The Fred Hutchinson Cancer Center scientist’s $300,000, three-year Neurology of Brain Disorders Award will support investigations into how components of fat cells’ mitochondria (their energy-producing molecular power plants) find their way to the brain — and how they may influence neurological health after they arrive.
“I’m grateful we got funding from McKnight, because it’s a proactive idea and we needed someone to believe and invest in us to move the needle forward,” Rajan said.
The new project grew out of intriguing, but difficult-to-connect findings, Rajan said.
Large epidemiological studies in men and women have already linked mid-life obesity to increased risk for dementia.

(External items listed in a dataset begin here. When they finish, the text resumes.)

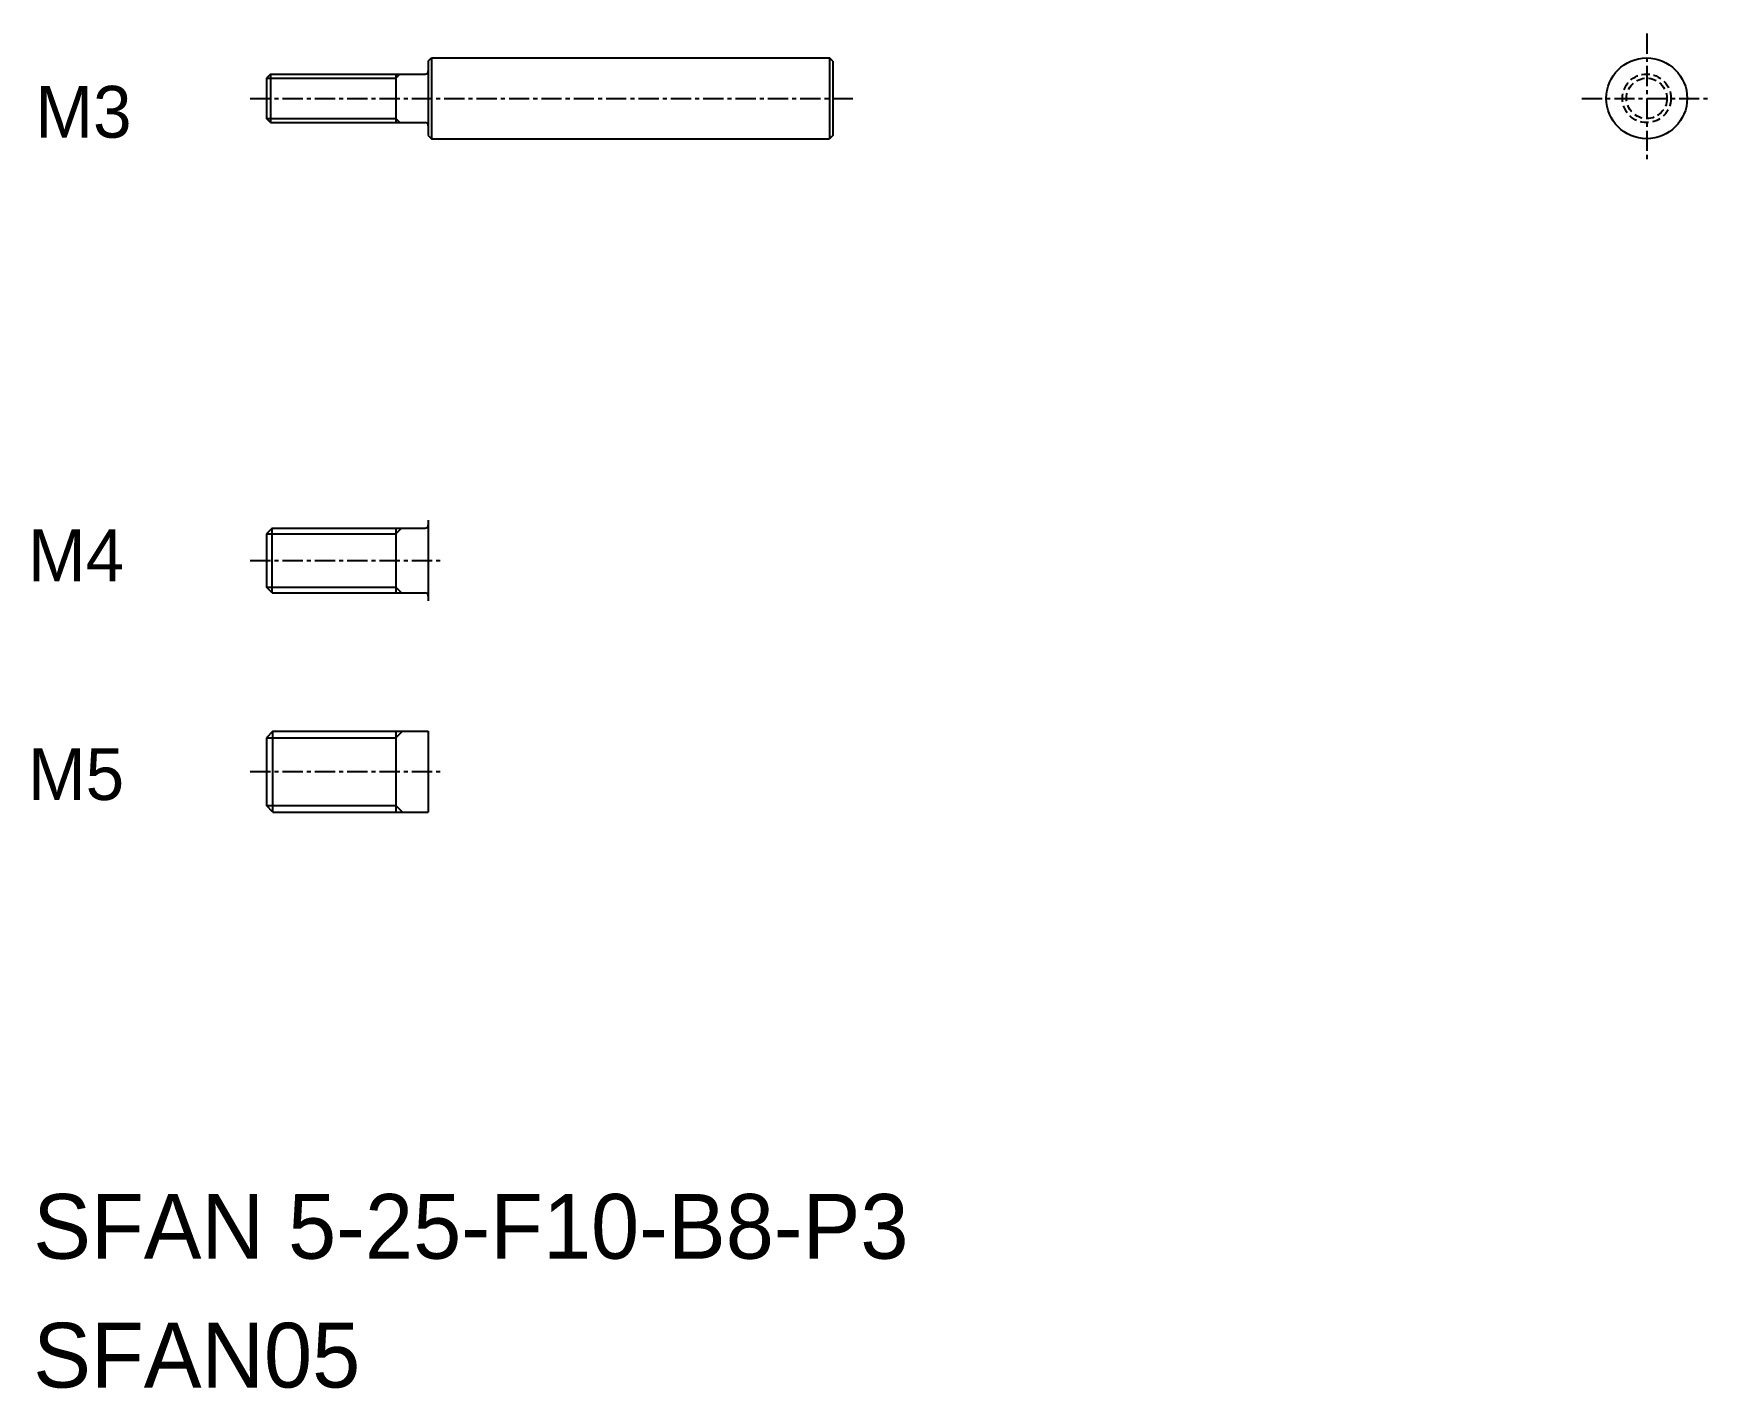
# Model space of a CAD drawing. Extents: x 65 to 168, y 83 to 166.
import ezdxf
from ezdxf.enums import TextEntityAlignment as Align

# ---------------------------------------------------------------- set-up
doc = ezdxf.new("R2010")
doc.units = 0
doc.linetypes.add('CENTER', pattern=[2, 1.25, -0.25, 0.25, -0.25])
doc.linetypes.add('DASHED', pattern=[0.75, 0.5, -0.25])
doc.layers.get('0').update_dxf_attribs({"linetype": 'CONTINUOUS'})
doc.layers.add('CENTER', color=1, linetype='CENTER')

msp = doc.modelspace()

# ---------------------------------------------------------------- linework, layer by layer
at = {"color": 7, "linetype": 'CONTINUOUS'}
for p, q in [((79.33, 163.88), (79.08, 163.63)), ((79.33, 163.88), (88.88, 163.88)), ((79.33, 163.88), (79.33, 160.88)), ((87.08, 163.88), (87.08, 160.88)), ((89.08, 164.68), (89.28, 164.88)), ((89.08, 164.68), (89.08, 160.08)), ((89.28, 164.88), (113.88, 164.88)), ((89.28, 164.88), (89.28, 159.88)), ((113.88, 164.88), (113.88, 159.88)), ((114.08, 164.68), (113.88, 164.88)), ((114.08, 164.68), (114.08, 160.08)), ((79.08, 163.63), (79.08, 161.13)), ((79.33, 160.88), (79.08, 161.13)), ((79.33, 160.88), (88.88, 160.88)), ((89.08, 160.08), (89.28, 159.88)), ((89.28, 159.88), (113.88, 159.88)), ((114.08, 160.08), (113.88, 159.88)), ((89.08, 136.32), (89.08, 131.32)), ((79.43, 135.82), (79.08, 135.47)), ((79.08, 135.47), (79.08, 132.17)), ((79.43, 135.82), (88.88, 135.82)), ((79.43, 131.82), (79.43, 135.82)), ((87.08, 135.82), (87.08, 131.82)), ((79.43, 131.82), (79.08, 132.17)), ((79.43, 131.82), (88.88, 131.82)), ((79.48, 123.27), (79.08, 122.87)), ((79.08, 122.87), (79.08, 118.67)), ((79.48, 123.27), (89.08, 123.27)), ((79.48, 118.27), (79.48, 123.27)), ((87.08, 123.27), (87.08, 118.27)), ((89.08, 123.27), (89.08, 118.27)), ((79.48, 118.27), (79.08, 118.67)), ((79.48, 118.27), (89.08, 118.27))]:
    msp.add_line(p, q, dxfattribs=at)
at = {"color": 3, "linetype": 'CONTINUOUS'}
for p, q in [((87.08, 163.63), (87.33, 163.88)), ((79.08, 163.63), (87.08, 163.63)), ((79.08, 161.13), (87.08, 161.13)), ((87.08, 161.13), (87.33, 160.88)), ((79.08, 135.47), (87.08, 135.47)), ((87.08, 135.47), (87.43, 135.82)), ((79.08, 132.17), (87.08, 132.17)), ((87.08, 132.17), (87.43, 131.82)), ((79.08, 122.87), (87.08, 122.87)), ((87.08, 122.87), (87.48, 123.27)), ((79.08, 118.67), (87.08, 118.67)), ((87.08, 118.67), (87.48, 118.27))]:
    msp.add_line(p, q, dxfattribs=at)
msp.add_line((114.08, 163.63), (114.08, 163.63))
at = {"color": 7, "linetype": 'CONTINUOUS'}
msp.add_circle((164.39, 162.38), 2.5, dxfattribs=at)
at = {"color": 3, "linetype": 'DASHED'}
for radius in [1.5, 1.25]:
    msp.add_circle((164.39, 162.38), radius, dxfattribs=at)
at = {"color": 7, "linetype": 'CONTINUOUS'}
for centre, start, end in [((88.88, 164.08), 270, 360), ((88.88, 160.68), 360, 90), ((88.88, 136.02), 270, 0), ((88.88, 131.62), 0, 90)]:
    msp.add_arc(centre, 0.2, start, end, dxfattribs=at)
at = {"layer": 'CENTER', "color": 1, "linetype": 'CENTER'}
for p, q in [((164.39, 166.38), (164.39, 158.38)), ((78.07, 162.38), (115.33, 162.38)), ((160.39, 162.38), (168.39, 162.38)), ((78.07, 133.82), (89.95, 133.82)), ((78.07, 120.77), (89.95, 120.77))]:
    msp.add_line(p, q, dxfattribs=at)

# ---------------------------------------------------------------- texts
at = {"color": 7, "linetype": 'CONTINUOUS'}
for s, p in [('M3', (70.74, 161.55)), ('M4', (70.28, 134.14)), ('M5', (70.28, 120.62))]:
    msp.add_text(s, height=3.2, dxfattribs=at).set_placement(p, align=Align.MIDDLE_RIGHT)
for s, p in [('SFAN 5-25-F10-B8-P3', (64.66, 90.67)), ('SFAN05', (64.66, 82.71))]:
    msp.add_text(s, height=4, dxfattribs=at).set_placement(p)

doc.saveas('drawing.dxf')

Scientists studying neurodegenerative diseases have found high rates of mutations in genes used by the mitochondria, which produce the energy that cells use to run biological processes.
“It wasn’t clear how these findings could be linked,” Rajan said. “It was like a child’s diagram of a flower: just dots, hard to make connections.”
But another potential connection emerged when Rajan surveyed molecules that arise in fat tissue but end up in the brain. When Rajan looked at these proteins between humans and fruit flies, which she uses to study how animals sense and respond to energy stores, she saw that mitochondrial proteins were among the most enriched.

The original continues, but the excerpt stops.